Cross-feature interaction

Read Committed interacts with the following feature:

Follower reads: When follower reads is enabled and the transaction block is explicitly marked READ ONLY, the read point for each statement in a read committed transaction is selected as Now() - yb_follower_read_staleness_ms.

Limitations

A SET TRANSACTION ISOLATION LEVEL ... statement immediately issued after BEGIN; or BEGIN TRANSACTION ISOLATION LEVEL READ COMMITTED; will fail if the YB-TServer GFlag yb_enable_read_committed_isolation=true, and the following error will be issued:
```
ERROR:  SET TRANSACTION ISOLATION LEVEL must not be called in a subtransaction
```
For more details, see #12494.
Read restart and serialization errors are not internally handled in read committed isolation in the following circumstances:
- the query's response size exceeds the YB-TServer ysql_output_buffer_size flag, which has a default value of 256KB (see #11572).
- multiple semicolon-separated statements in a single query string are sent via the simple query protocol (see #21833).
- for statements other than the first one in a batch sent by the driver (except for #21607 currently).
Non-transactional side-effects can occur more than once when a conflict or read restart occurs in functions or procedures in read committed isolation. This is because in read committed isolation, the retry logic in the database will undo all work done as part of that statement and re-attempt the whole client-issued statement. (See #12958)
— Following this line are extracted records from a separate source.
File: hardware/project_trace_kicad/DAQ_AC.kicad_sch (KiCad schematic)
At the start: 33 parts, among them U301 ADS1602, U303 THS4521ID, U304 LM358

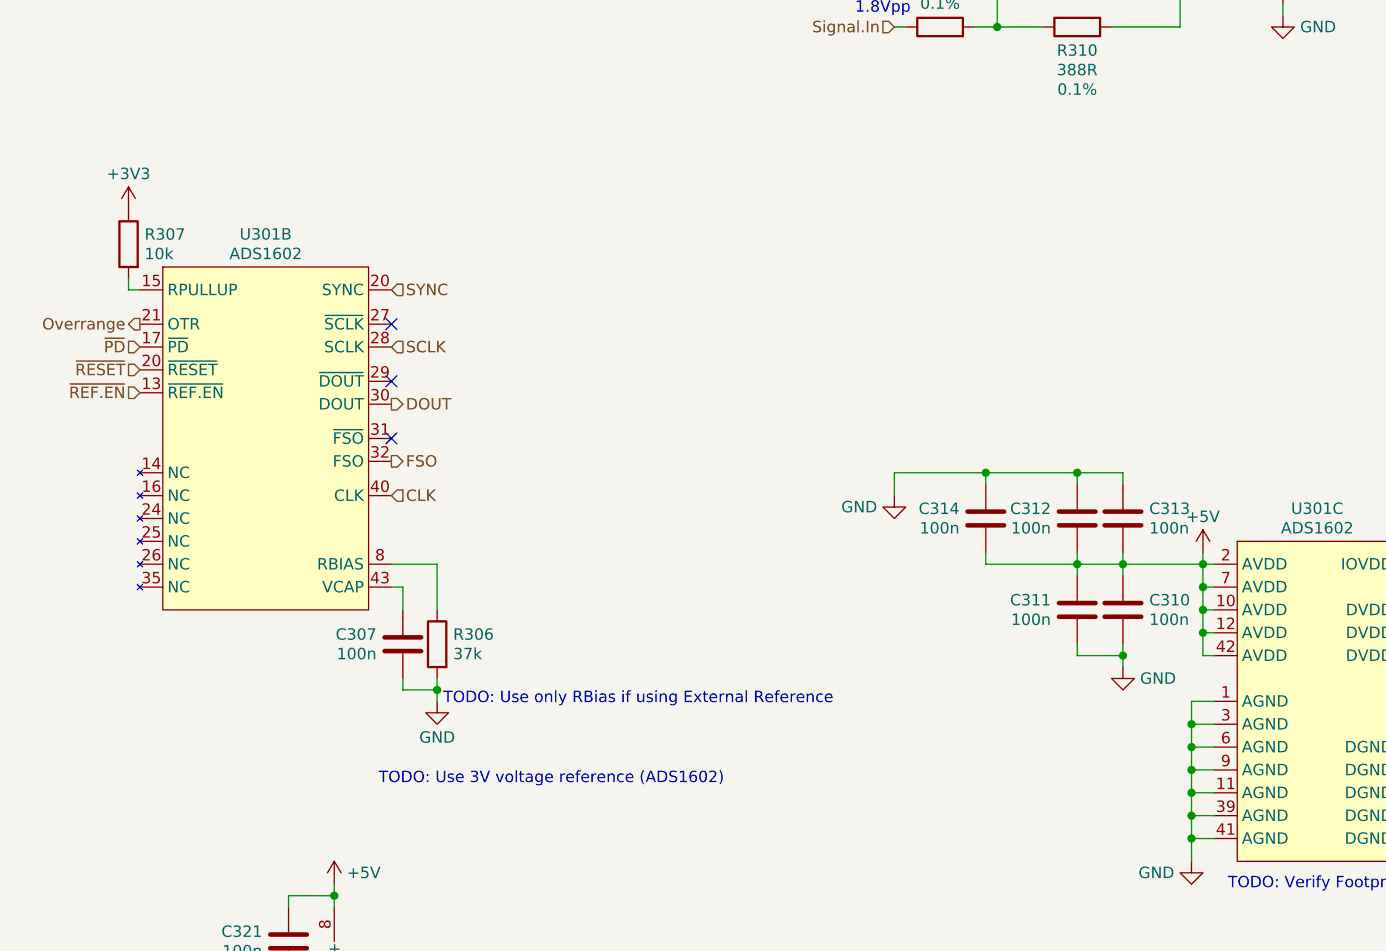
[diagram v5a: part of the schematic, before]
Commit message: Add Pull-Up Network to Input
(Sync up laptop)
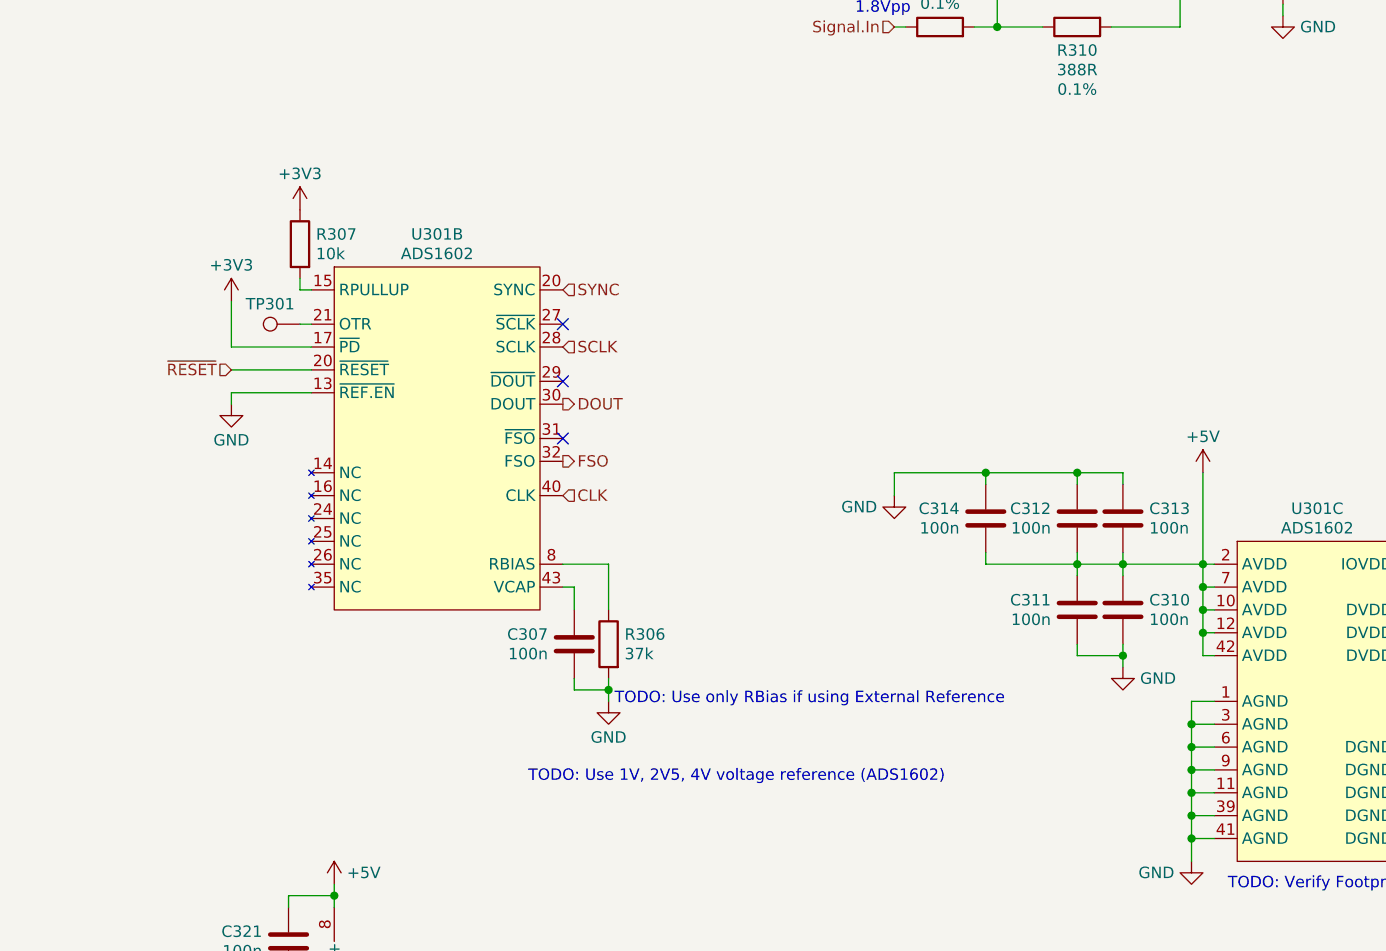
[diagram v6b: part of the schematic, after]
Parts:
- added TP301: TestPoint, TestPoint:TestPoint_Pad_1.5x1.5mm, symbol Connector:TestPoint
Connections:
- net ~{PD} is gone; now on net +3V3: U301.17 (~{PD})
- net ~{REF.EN} is gone; now on net GND: U301.13 (~{REF.EN})
- net Overrange: no longer names the net of U301.21 (OTR)
- net Overrange: now also TP301.1
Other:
- note added: "TODO: Use 1V, 2V5, 4V voltage reference (ADS1602)"
- note removed: "TODO: Use 3V voltage reference (ADS1602)"
- moved on the sheet: C307, R306, R307, U301B

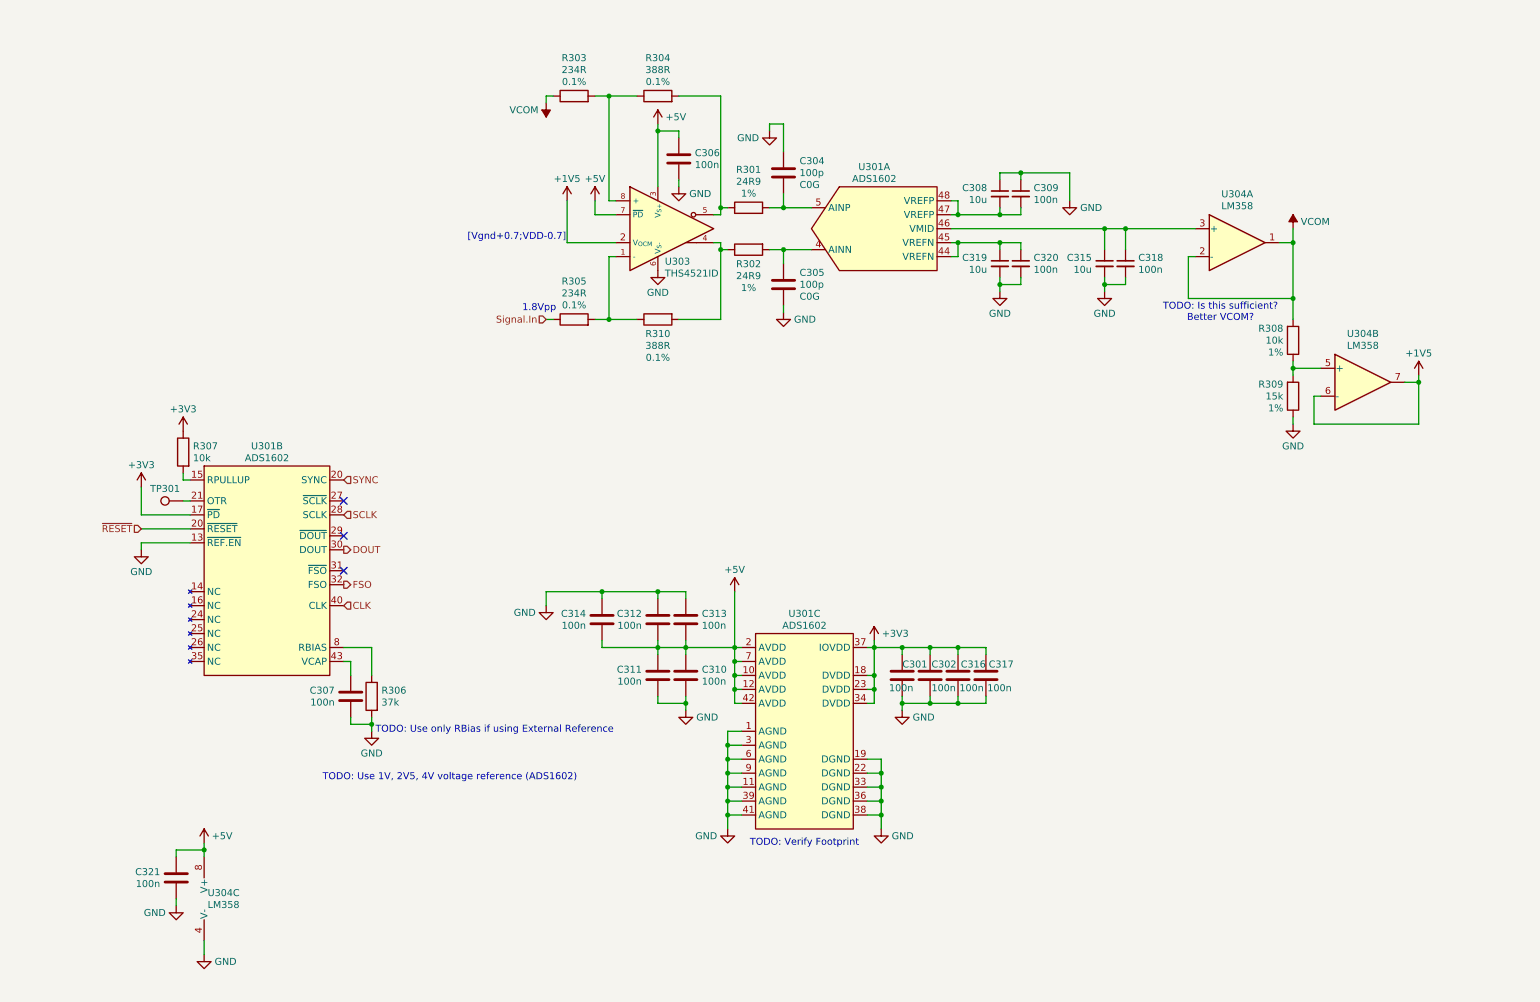
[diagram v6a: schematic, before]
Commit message: Change designators, Improve Input Circuit
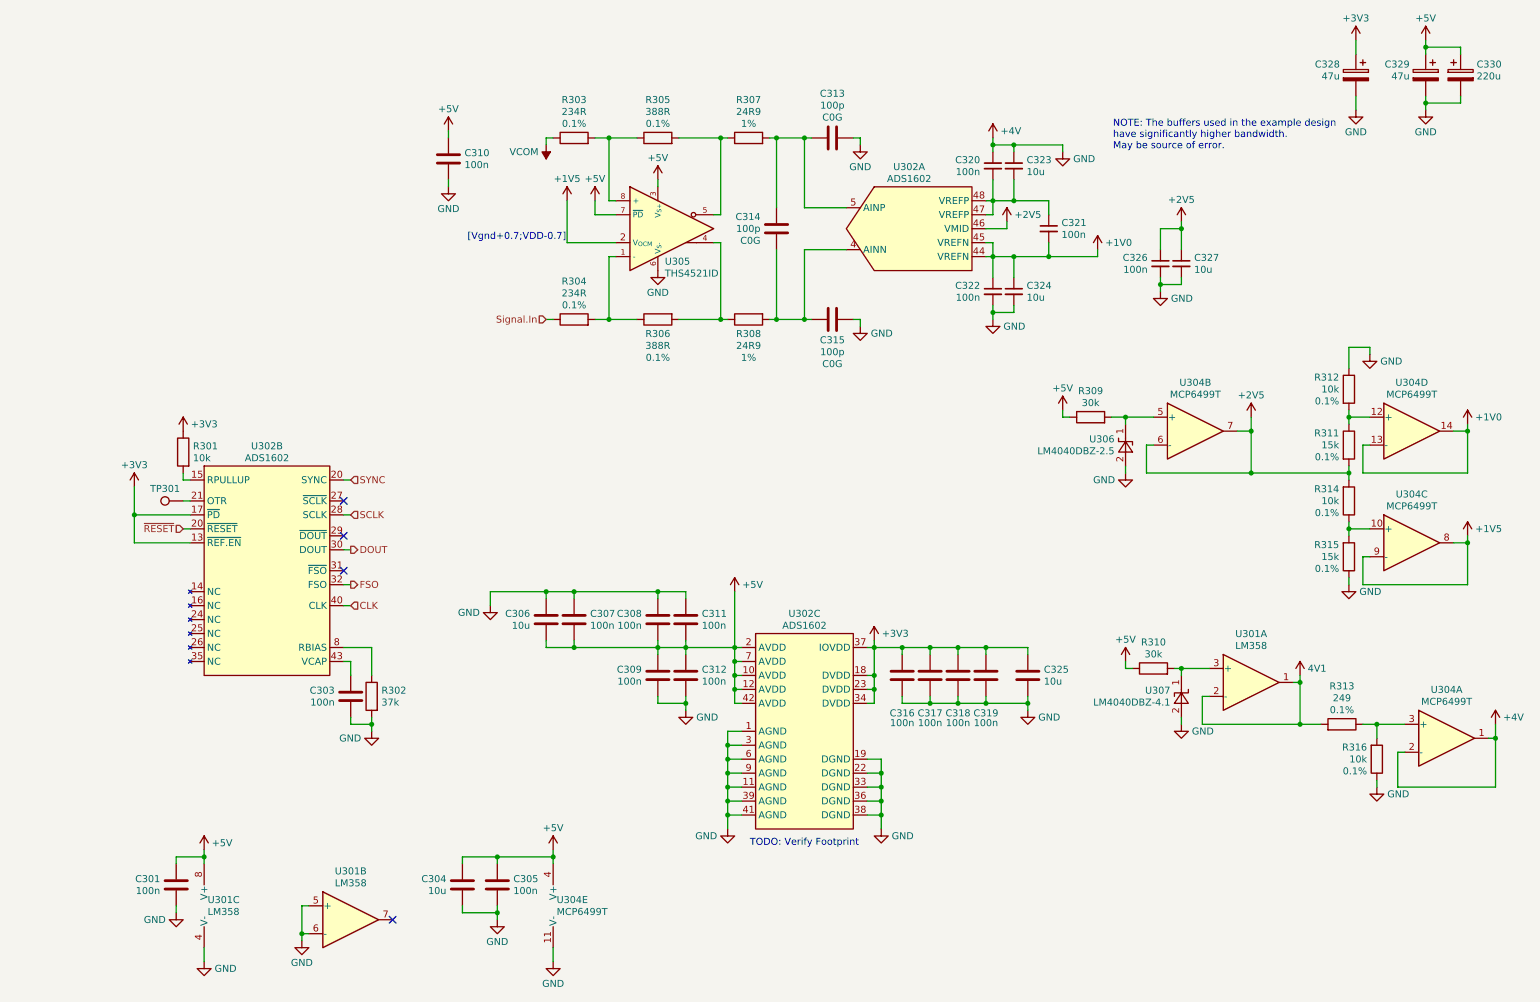
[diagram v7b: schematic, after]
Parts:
- removed unit 2 of U304
- removed unit 1 of U304
- added C304, C306, C325: 10u, Capacitor_SMD:C_0603_1608Metric_Pad1.08x0.95mm_HandSolder, symbol Device:C
- added C305: 100n, Capacitor_SMD:C_0603_1608Metric_Pad1.08x0.95mm_HandSolder, symbol Device:C
- added C314: 100p, Capacitor_SMD:C_0603_1608Metric_Pad1.08x0.95mm_HandSolder, symbol Device:C
- added C321: 100n, Capacitor_SMD:C_0603_1608Metric_Pad1.08x0.95mm_HandSolder, symbol Device:C_Small
- added C328, C329: 47u, symbol Device:C_Polarized
- added C330: 220u, symbol Device:C_Polarized
- added R309, R310: 30k, Resistor_SMD:R_0603_1608Metric_Pad0.98x0.95mm_HandSolder, symbol Device:R
- added R311: 15k, Resistor_SMD:R_0603_1608Metric_Pad0.98x0.95mm_HandSolder, symbol Device:R
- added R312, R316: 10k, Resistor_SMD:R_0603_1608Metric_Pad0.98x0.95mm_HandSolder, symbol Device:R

Read Committed isolation has the following additional limitations when enable_wait_queues=false (see Wait-on-Conflict and Interaction with concurrency control):

You may have to manually tune the exponential backoff parameters for performance, as described in Performance tuning.
Deadlock cycles will not be automatically detected and broken quickly. Instead, the yb_max_query_layer_retries YSQL configuration parameter will ensure that statements aren't stuck in deadlocks forever.
There may be unfairness during contention due to the retry-backoff mechanism, resulting in high P99 latencies.

Considerations

This isolation level allows both phantom and non-repeatable reads (as demonstrated in SELECT behavior without explicit locking).

Adding this new isolation level does not affect the performance of existing isolation levels.

Performance tuning

If a statement in the Read Committed isolation level faces a conflict, it is retried. If using Fail-on-Conflict concurrency control mode, the retries are done with exponential backoff until the statement times out or the yb_max_query_layer_retries are exhausted, whichever happens first. The following parameters control the backoff:

retry_max_backoff is the maximum backoff in milliseconds between retries.
retry_min_backoff is the minimum backoff in milliseconds between retries.
retry_backoff_multiplier is the multiplier used to calculate the next retry backoff.

You can set these parameters on a per-session basis, or in the ysql_pg_conf_csv YB-TServer flag on cluster startup.

If the Wait-on-Conflict concurrency control policy is enabled, there won't be a need to manually tune these parameters for performance. Statements will restart only when all conflicting transactions have committed or rolled back, instead of retrying with an exponential backoff.